Congratulations *Old Rich* on passing the 47k mark. :thumb:

John


----------



## Wrench97 (May 10, 2008)

Keep up the good work :thumb:


----------



## JMPC (Jan 15, 2011)

Congrats, great work!


----------



## WereBo (Apr 5, 2008)

Great work Rich, hearty congratulations


----------



## Corday (Mar 3, 2010)

Rich, another milestone reached.


----------



## joeten (Dec 4, 2008)

Well done Rich, congratulations.


----------



## Masterchiefxx17 (Feb 27, 2010)

Excellent!
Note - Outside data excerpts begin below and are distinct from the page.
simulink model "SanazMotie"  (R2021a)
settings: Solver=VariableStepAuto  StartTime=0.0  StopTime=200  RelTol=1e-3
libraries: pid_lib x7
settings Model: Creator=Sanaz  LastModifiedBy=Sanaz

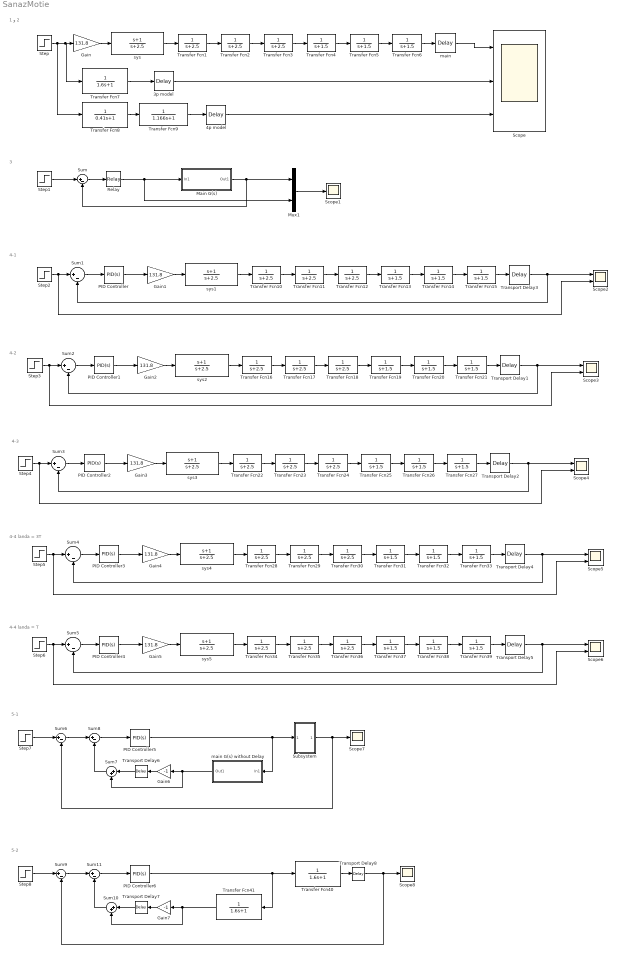
== system SanazMotie ==
  note: 5-1
  note: 3
  note: 4-1
  note: 1 و 2
  note: 4-2
  note: 4-3
  note: 4-4 landa = 3T
  note: 4-4 landa = T
  note: 5-2
  3p model : TransportDelay  DelayTime=3.7
  4p model : TransportDelay  DelayTime=3.7
  Gain{,1..5} (6 alike) : Gain  Gain=131.8
  Gain6 : Gain  Gain=-1
  Gain7 : Gain  Gain=-1
  Main G(s) : Subsystem
  Mux1 : Mux  Inputs=2
  PID Controller : pid_lib/PID Controller  Controller=PID  Form=Parallel  TimeDomain=Continuous-time  UseExternalTs=off  SampleTime=-1  IntegratorMethod=Forward Euler  FilterMethod=Forward Euler  ControllerParametersSource=internal  P=0.4  I=0.1  D=0  UseFilter=on  N=10  TunerSelectOption=Transfer Function Based (PID Tuner App)  InitialConditionSource=internal  InitialConditionForIntegrator=0  InitialConditionForFilter=0  DifferentiatorICPrevScaledInput=0  ExternalReset=none  TrackingMode=off  Kt=1  LimitOutput=off  SatLimitsSource=internal  UpperSaturationLimit=inf  LowerSaturationLimit=-inf  LinearizeAsGain=on  AntiWindupMode=none  Kb=1  POutMin=[]  POutMax=[]  IOutMin=[]  IOutMax=[]  DOutMin=[]  DOutMax=[]  NOutMin=[]  NOutMax=[]  SumOutMin=[]  SumOutMax=[]  SaturationOutMin=[]  SaturationOutMax=[]  PParamMin=[]  PParamMax=[]  IParamMin=[]  IParamMax=[]  DParamMin=[]  DParamMax=[]  NParamMin=[]  NParamMax=[]  KbParamMin=[]  KbParamMax=[]  KtParamMin=[]  KtParamMax=[]  KbOutMin=[]  KbOutMax=[]  KtOutMin=[]  KtOutMax=[]  IntegratorOutMin=[]  IntegratorOutMax=[]  FilterOutMin=[]  FilterOutMax=[]  SumI1OutMin=[]  SumI1OutMax=[]  SumI2OutMin=[]  SumI2OutMax=[]  SumI3OutMin=[]  SumI3OutMax=[]  SumI4OutMin=[]  SumI4OutMax=[]  SumDOutMin=[]  SumDOutMax=[]  DifferentiatorOutMin=[]  DifferentiatorOutMax=[]  FilterDiffOutCoefMin=[]  FilterDiffOutCoefMax=[]  ReciprocalOutMin=[]  ReciprocalOutMax=[]  SumDenOutMin=[]  SumDenOutMax=[]  SumNumOutMin=[]  SumNumOutMax=[]  DivideOutMin=[]  DivideOutMax=[]  UdiffTsProdOutMin=[]  UdiffTsProdOutMax=[]  NTsProdOutMin=[]  NTsProdOutMax=[]  UintegralTsProdOutMin=[]  UintegralTsProdOutMax=[]  UngainTsProdOutMin=[]  UngainTsProdOutMax=[]  IntegratorContinuousStateAttributes=''  IntegratorStateMustResolveToSignalObject=off  IntegratorRTWStateStorageClass=Auto  FilterContinuousStateAttributes=''  FilterStateMustResolveToSignalObject=off  FilterRTWStateStorageClass=Auto  ParallelPVariant=InternalParameters  IdealPVariant=Disabled  IVariant=InternalParameters  DVariant=InternalParameters  IntegratorVariant=Continuous  SatVariant=Disabled  AWVariant=Passthrough  PCopyVariant=Disabled  TRVariant=Disabled  FdbkBlocksVariant=Forward  IdealPFdbkVariant=Disabled  SatFdbkVariant=Disabled  DerivativeFilterVariant=ContFilter  NVariant=InternalParameters  NCopyVariant=Disabled  FilterICVariant=InternalICsFilter  IntegratorICVariant=InternalICs  ExternalResetVariant=Disabled  TRSumVariant=Passthrough  SumFdbkVariant=Disabled  SumVariant=Sum_PID  TsampFilterVariant=InternalTs  TsampNgainVariant=Passthrough  TsampIntegralVariant=Passthrough  ExternalSaturationOutDataTypeStr=Inherit: Same as second input
  PID Controller1 : pid_lib/PID Controller  Controller=PID  Form=Parallel  TimeDomain=Continuous-time  UseExternalTs=off  SampleTime=-1  IntegratorMethod=Forward Euler  FilterMethod=Forward Euler  ControllerParametersSource=internal  P=0.379787801338513  I=0.153670291898543  D=-0.495653562725149  UseFilter=on  N=0.201497063469897  TunerSelectOption=Transfer Function Based (PID Tuner App)  InitialConditionSource=internal  InitialConditionForIntegrator=0  InitialConditionForFilter=0  DifferentiatorICPrevScaledInput=0  ExternalReset=none  TrackingMode=off  Kt=1  LimitOutput=off  SatLimitsSource=internal  UpperSaturationLimit=inf  LowerSaturationLimit=-inf  LinearizeAsGain=on  AntiWindupMode=none  Kb=1  POutMin=[]  POutMax=[]  IOutMin=[]  IOutMax=[]  DOutMin=[]  DOutMax=[]  NOutMin=[]  NOutMax=[]  SumOutMin=[]  SumOutMax=[]  SaturationOutMin=[]  SaturationOutMax=[]  PParamMin=[]  PParamMax=[]  IParamMin=[]  IParamMax=[]  DParamMin=[]  DParamMax=[]  NParamMin=[]  NParamMax=[]  KbParamMin=[]  KbParamMax=[]  KtParamMin=[]  KtParamMax=[]  KbOutMin=[]  KbOutMax=[]  KtOutMin=[]  KtOutMax=[]  IntegratorOutMin=[]  IntegratorOutMax=[]  FilterOutMin=[]  FilterOutMax=[]  SumI1OutMin=[]  SumI1OutMax=[]  SumI2OutMin=[]  SumI2OutMax=[]  SumI3OutMin=[]  SumI3OutMax=[]  SumI4OutMin=[]  SumI4OutMax=[]  SumDOutMin=[]  SumDOutMax=[]  DifferentiatorOutMin=[]  DifferentiatorOutMax=[]  FilterDiffOutCoefMin=[]  FilterDiffOutCoefMax=[]  ReciprocalOutMin=[]  ReciprocalOutMax=[]  SumDenOutMin=[]  SumDenOutMax=[]  SumNumOutMin=[]  SumNumOutMax=[]  DivideOutMin=[]  DivideOutMax=[]  UdiffTsProdOutMin=[]  UdiffTsProdOutMax=[]  NTsProdOutMin=[]  NTsProdOutMax=[]  UintegralTsProdOutMin=[]  UintegralTsProdOutMax=[]  UngainTsProdOutMin=[]  UngainTsProdOutMax=[]  IntegratorContinuousStateAttributes=''  IntegratorStateMustResolveToSignalObject=off  IntegratorRTWStateStorageClass=Auto  FilterContinuousStateAttributes=''  FilterStateMustResolveToSignalObject=off  FilterRTWStateStorageClass=Auto  ParallelPVariant=InternalParameters  IdealPVariant=Disabled  IVariant=InternalParameters  DVariant=InternalParameters  IntegratorVariant=Continuous  SatVariant=Disabled  AWVariant=Passthrough  PCopyVariant=Disabled  TRVariant=Disabled  FdbkBlocksVariant=Forward  IdealPFdbkVariant=Disabled  SatFdbkVariant=Disabled  DerivativeFilterVariant=ContFilter  NVariant=InternalParameters  NCopyVariant=Disabled  FilterICVariant=InternalICsFilter  IntegratorICVariant=InternalICs  ExternalResetVariant=Disabled  TRSumVariant=Passthrough  SumFdbkVariant=Disabled  SumVariant=Sum_PID  TsampFilterVariant=InternalTs  TsampNgainVariant=Passthrough  TsampIntegralVariant=Passthrough  ExternalSaturationOutDataTypeStr=Inherit: Same as second input
  PID Controller2 : pid_lib/PID Controller  Controller=PID  Form=Parallel  TimeDomain=Continuous-time  UseExternalTs=off  SampleTime=-1  IntegratorMethod=Forward Euler  FilterMethod=Forward Euler  ControllerParametersSource=internal  P=0.258  I=0.02  D=0.6  UseFilter=on  N=3  TunerSelectOption=Frequency Response Based  InitialConditionSource=internal  InitialConditionForIntegrator=0  InitialConditionForFilter=0  DifferentiatorICPrevScaledInput=0  ExternalReset=none  TrackingMode=off  Kt=1  LimitOutput=off  SatLimitsSource=internal  UpperSaturationLimit=inf  LowerSaturationLimit=-inf  LinearizeAsGain=on  AntiWindupMode=none  Kb=1  POutMin=[]  POutMax=[]  IOutMin=[]  IOutMax=[]  DOutMin=[]  DOutMax=[]  NOutMin=[]  NOutMax=[]  SumOutMin=[]  SumOutMax=[]  SaturationOutMin=[]  SaturationOutMax=[]  PParamMin=[]  PParamMax=[]  IParamMin=[]  IParamMax=[]  DParamMin=[]  DParamMax=[]  NParamMin=[]  NParamMax=[]  KbParamMin=[]  KbParamMax=[]  KtParamMin=[]  KtParamMax=[]  KbOutMin=[]  KbOutMax=[]  KtOutMin=[]  KtOutMax=[]  IntegratorOutMin=[]  IntegratorOutMax=[]  FilterOutMin=[]  FilterOutMax=[]  SumI1OutMin=[]  SumI1OutMax=[]  SumI2OutMin=[]  SumI2OutMax=[]  SumI3OutMin=[]  SumI3OutMax=[]  SumI4OutMin=[]  SumI4OutMax=[]  SumDOutMin=[]  SumDOutMax=[]  DifferentiatorOutMin=[]  DifferentiatorOutMax=[]  FilterDiffOutCoefMin=[]  FilterDiffOutCoefMax=[]  ReciprocalOutMin=[]  ReciprocalOutMax=[]  SumDenOutMin=[]  SumDenOutMax=[]  SumNumOutMin=[]  SumNumOutMax=[]  DivideOutMin=[]  DivideOutMax=[]  UdiffTsProdOutMin=[]  UdiffTsProdOutMax=[]  NTsProdOutMin=[]  NTsProdOutMax=[]  UintegralTsProdOutMin=[]  UintegralTsProdOutMax=[]  UngainTsProdOutMin=[]  UngainTsProdOutMax=[]  IntegratorContinuousStateAttributes=''  IntegratorStateMustResolveToSignalObject=off  IntegratorRTWStateStorageClass=Auto  FilterContinuousStateAttributes=''  FilterStateMustResolveToSignalObject=off  FilterRTWStateStorageClass=Auto  ParallelPVariant=InternalParameters  IdealPVariant=Disabled  IVariant=InternalParameters  DVariant=InternalParameters  IntegratorVariant=Continuous  SatVariant=Disabled  AWVariant=Passthrough  PCopyVariant=Disabled  TRVariant=Disabled  FdbkBlocksVariant=Forward  IdealPFdbkVariant=Disabled  SatFdbkVariant=Disabled  DerivativeFilterVariant=ContFilter  NVariant=InternalParameters  NCopyVariant=Disabled  FilterICVariant=InternalICsFilter  IntegratorICVariant=InternalICs  ExternalResetVariant=Disabled  TRSumVariant=Passthrough  SumFdbkVariant=Disabled  SumVariant=Sum_PID  TsampFilterVariant=InternalTs  TsampNgainVariant=Passthrough  TsampIntegralVariant=Passthrough  ExternalSaturationOutDataTypeStr=Inherit: Same as second input
  PID Controller3 : pid_lib/PID Controller  Controller=PID  Form=Parallel  TimeDomain=Continuous-time  UseExternalTs=off  SampleTime=-1  IntegratorMethod=Forward Euler  FilterMethod=Forward Euler  ControllerParametersSource=internal  P=0.517  I=0.15  D=0.44  UseFilter=on  N=3  TunerSelectOption=Frequency Response Based  InitialConditionSource=internal  InitialConditionForIntegrator=0  InitialConditionForFilter=0  DifferentiatorICPrevScaledInput=0  ExternalReset=none  TrackingMode=off  Kt=1  LimitOutput=off  SatLimitsSource=internal  UpperSaturationLimit=inf  LowerSaturationLimit=-inf  LinearizeAsGain=on  AntiWindupMode=none  Kb=1  POutMin=[]  POutMax=[]  IOutMin=[]  IOutMax=[]  DOutMin=[]  DOutMax=[]  NOutMin=[]  NOutMax=[]  SumOutMin=[]  SumOutMax=[]  SaturationOutMin=[]  SaturationOutMax=[]  PParamMin=[]  PParamMax=[]  IParamMin=[]  IParamMax=[]  DParamMin=[]  DParamMax=[]  NParamMin=[]  NParamMax=[]  KbParamMin=[]  KbParamMax=[]  KtParamMin=[]  KtParamMax=[]  KbOutMin=[]  KbOutMax=[]  KtOutMin=[]  KtOutMax=[]  IntegratorOutMin=[]  IntegratorOutMax=[]  FilterOutMin=[]  FilterOutMax=[]  SumI1OutMin=[]  SumI1OutMax=[]  SumI2OutMin=[]  SumI2OutMax=[]  SumI3OutMin=[]  SumI3OutMax=[]  SumI4OutMin=[]  SumI4OutMax=[]  SumDOutMin=[]  SumDOutMax=[]  DifferentiatorOutMin=[]  DifferentiatorOutMax=[]  FilterDiffOutCoefMin=[]  FilterDiffOutCoefMax=[]  ReciprocalOutMin=[]  ReciprocalOutMax=[]  SumDenOutMin=[]  SumDenOutMax=[]  SumNumOutMin=[]  SumNumOutMax=[]  DivideOutMin=[]  DivideOutMax=[]  UdiffTsProdOutMin=[]  UdiffTsProdOutMax=[]  NTsProdOutMin=[]  NTsProdOutMax=[]  UintegralTsProdOutMin=[]  UintegralTsProdOutMax=[]  UngainTsProdOutMin=[]  UngainTsProdOutMax=[]  IntegratorContinuousStateAttributes=''  IntegratorStateMustResolveToSignalObject=off  IntegratorRTWStateStorageClass=Auto  FilterContinuousStateAttributes=''  FilterStateMustResolveToSignalObject=off  FilterRTWStateStorageClass=Auto  ParallelPVariant=InternalParameters  IdealPVariant=Disabled  IVariant=InternalParameters  DVariant=InternalParameters  IntegratorVariant=Continuous  SatVariant=Disabled  AWVariant=Passthrough  PCopyVariant=Disabled  TRVariant=Disabled  FdbkBlocksVariant=Forward  IdealPFdbkVariant=Disabled  SatFdbkVariant=Disabled  DerivativeFilterVariant=ContFilter  NVariant=InternalParameters  NCopyVariant=Disabled  FilterICVariant=InternalICsFilter  IntegratorICVariant=InternalICs  ExternalResetVariant=Disabled  TRSumVariant=Passthrough  SumFdbkVariant=Disabled  SumVariant=Sum_PID  TsampFilterVariant=InternalTs  TsampNgainVariant=Passthrough  TsampIntegralVariant=Passthrough  ExternalSaturationOutDataTypeStr=Inherit: Same as second input
  PID Controller4 : pid_lib/PID Controller  Controller=PID  Form=Parallel  TimeDomain=Continuous-time  UseExternalTs=off  SampleTime=-1  IntegratorMethod=Forward Euler  FilterMethod=Forward Euler  ControllerParametersSource=internal  P=1.01  I=0.3  D=0.87  UseFilter=on  N=3  TunerSelectOption=Frequency Response Based  InitialConditionSource=internal  InitialConditionForIntegrator=0  InitialConditionForFilter=0  DifferentiatorICPrevScaledInput=0  ExternalReset=none  TrackingMode=off  Kt=1  LimitOutput=off  SatLimitsSource=internal  UpperSaturationLimit=inf  LowerSaturationLimit=-inf  LinearizeAsGain=on  AntiWindupMode=none  Kb=1  POutMin=[]  POutMax=[]  IOutMin=[]  IOutMax=[]  DOutMin=[]  DOutMax=[]  NOutMin=[]  NOutMax=[]  SumOutMin=[]  SumOutMax=[]  SaturationOutMin=[]  SaturationOutMax=[]  PParamMin=[]  PParamMax=[]  IParamMin=[]  IParamMax=[]  DParamMin=[]  DParamMax=[]  NParamMin=[]  NParamMax=[]  KbParamMin=[]  KbParamMax=[]  KtParamMin=[]  KtParamMax=[]  KbOutMin=[]  KbOutMax=[]  KtOutMin=[]  KtOutMax=[]  IntegratorOutMin=[]  IntegratorOutMax=[]  FilterOutMin=[]  FilterOutMax=[]  SumI1OutMin=[]  SumI1OutMax=[]  SumI2OutMin=[]  SumI2OutMax=[]  SumI3OutMin=[]  SumI3OutMax=[]  SumI4OutMin=[]  SumI4OutMax=[]  SumDOutMin=[]  SumDOutMax=[]  DifferentiatorOutMin=[]  DifferentiatorOutMax=[]  FilterDiffOutCoefMin=[]  FilterDiffOutCoefMax=[]  ReciprocalOutMin=[]  ReciprocalOutMax=[]  SumDenOutMin=[]  SumDenOutMax=[]  SumNumOutMin=[]  SumNumOutMax=[]  DivideOutMin=[]  DivideOutMax=[]  UdiffTsProdOutMin=[]  UdiffTsProdOutMax=[]  NTsProdOutMin=[]  NTsProdOutMax=[]  UintegralTsProdOutMin=[]  UintegralTsProdOutMax=[]  UngainTsProdOutMin=[]  UngainTsProdOutMax=[]  IntegratorContinuousStateAttributes=''  IntegratorStateMustResolveToSignalObject=off  IntegratorRTWStateStorageClass=Auto  FilterContinuousStateAttributes=''  FilterStateMustResolveToSignalObject=off  FilterRTWStateStorageClass=Auto  ParallelPVariant=InternalParameters  IdealPVariant=Disabled  IVariant=InternalParameters  DVariant=InternalParameters  IntegratorVariant=Continuous  SatVariant=Disabled  AWVariant=Passthrough  PCopyVariant=Disabled  TRVariant=Disabled  FdbkBlocksVariant=Forward  IdealPFdbkVariant=Disabled  SatFdbkVariant=Disabled  DerivativeFilterVariant=ContFilter  NVariant=InternalParameters  NCopyVariant=Disabled  FilterICVariant=InternalICsFilter  IntegratorICVariant=InternalICs  ExternalResetVariant=Disabled  TRSumVariant=Passthrough  SumFdbkVariant=Disabled  SumVariant=Sum_PID  TsampFilterVariant=InternalTs  TsampNgainVariant=Passthrough  TsampIntegralVariant=Passthrough  ExternalSaturationOutDataTypeStr=Inherit: Same as second input
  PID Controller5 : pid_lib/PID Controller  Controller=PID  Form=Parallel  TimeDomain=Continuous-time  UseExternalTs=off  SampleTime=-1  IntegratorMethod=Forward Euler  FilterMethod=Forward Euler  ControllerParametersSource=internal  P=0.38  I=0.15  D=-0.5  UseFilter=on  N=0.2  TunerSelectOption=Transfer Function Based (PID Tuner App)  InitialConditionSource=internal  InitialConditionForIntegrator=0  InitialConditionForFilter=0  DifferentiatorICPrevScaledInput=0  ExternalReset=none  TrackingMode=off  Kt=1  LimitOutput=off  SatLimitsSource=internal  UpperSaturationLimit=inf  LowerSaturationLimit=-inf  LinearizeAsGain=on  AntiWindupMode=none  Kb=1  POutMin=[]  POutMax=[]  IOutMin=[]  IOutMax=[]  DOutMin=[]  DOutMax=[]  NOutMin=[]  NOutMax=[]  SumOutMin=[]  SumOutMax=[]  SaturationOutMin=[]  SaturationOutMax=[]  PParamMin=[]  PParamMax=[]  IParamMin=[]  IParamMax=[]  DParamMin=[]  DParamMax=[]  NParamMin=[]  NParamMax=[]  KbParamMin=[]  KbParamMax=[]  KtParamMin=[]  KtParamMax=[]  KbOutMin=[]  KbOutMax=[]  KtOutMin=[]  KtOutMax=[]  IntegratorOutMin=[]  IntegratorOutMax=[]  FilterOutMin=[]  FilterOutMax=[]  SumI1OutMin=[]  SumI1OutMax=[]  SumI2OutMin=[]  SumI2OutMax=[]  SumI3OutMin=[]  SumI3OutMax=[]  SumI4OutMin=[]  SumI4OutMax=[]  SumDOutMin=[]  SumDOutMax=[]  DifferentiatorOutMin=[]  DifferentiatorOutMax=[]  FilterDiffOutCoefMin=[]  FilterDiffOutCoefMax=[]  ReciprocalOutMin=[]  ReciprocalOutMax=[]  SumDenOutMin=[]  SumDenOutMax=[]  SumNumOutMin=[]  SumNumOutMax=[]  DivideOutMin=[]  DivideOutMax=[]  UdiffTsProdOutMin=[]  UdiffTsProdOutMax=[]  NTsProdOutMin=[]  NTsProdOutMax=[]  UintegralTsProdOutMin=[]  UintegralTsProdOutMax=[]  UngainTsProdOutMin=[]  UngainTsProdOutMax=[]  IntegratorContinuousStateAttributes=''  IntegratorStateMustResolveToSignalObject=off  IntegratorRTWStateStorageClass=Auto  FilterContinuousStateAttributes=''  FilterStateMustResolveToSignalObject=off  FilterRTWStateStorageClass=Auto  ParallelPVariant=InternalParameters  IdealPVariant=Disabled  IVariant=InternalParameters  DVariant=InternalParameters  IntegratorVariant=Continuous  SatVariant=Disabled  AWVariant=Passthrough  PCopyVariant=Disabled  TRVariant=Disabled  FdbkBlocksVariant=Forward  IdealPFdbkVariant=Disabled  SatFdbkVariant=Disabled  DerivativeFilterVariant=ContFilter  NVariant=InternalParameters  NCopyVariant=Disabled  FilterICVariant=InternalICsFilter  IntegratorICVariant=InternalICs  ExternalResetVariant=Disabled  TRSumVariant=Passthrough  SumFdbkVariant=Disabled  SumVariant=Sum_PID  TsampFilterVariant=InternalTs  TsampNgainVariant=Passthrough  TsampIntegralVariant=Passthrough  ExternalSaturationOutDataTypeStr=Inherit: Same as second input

Well done!


----------



## SpywareDr (Jun 15, 2013)

Awesome! Congrats! :smile:


----------



## oscer1 (Jan 27, 2010)

Congratulations


----------



## Old Rich (May 31, 2007)

Thanks guys . . Amazing how the posts mount up when you must keep the hind leg elevated as much as possible


----------



## WereBo (Apr 5, 2008)

That's why trees/hydrants are so useful.....









:grin:


----------



## Rich-M (May 2, 2007)

Way to go my namesake!


----------



## Deejay100six (Nov 24, 2007)

Nice work Rich. :thumb:


----------



## Glaswegian (Sep 16, 2005)

Awesome work Rich!!


----------



## jimscreechy (Jan 7, 2005)

If your posts were mined Bitcoins you'd be 'Rolling in it' Exceptional... especially given the quality of your posts.


----------



## Old Rich (May 31, 2007)

Thanks guys . .


----------



## Flight Sim Guy (Dec 19, 2011)

Outstanding, your work is. To many more posts, look forward we do. :thumb:


----------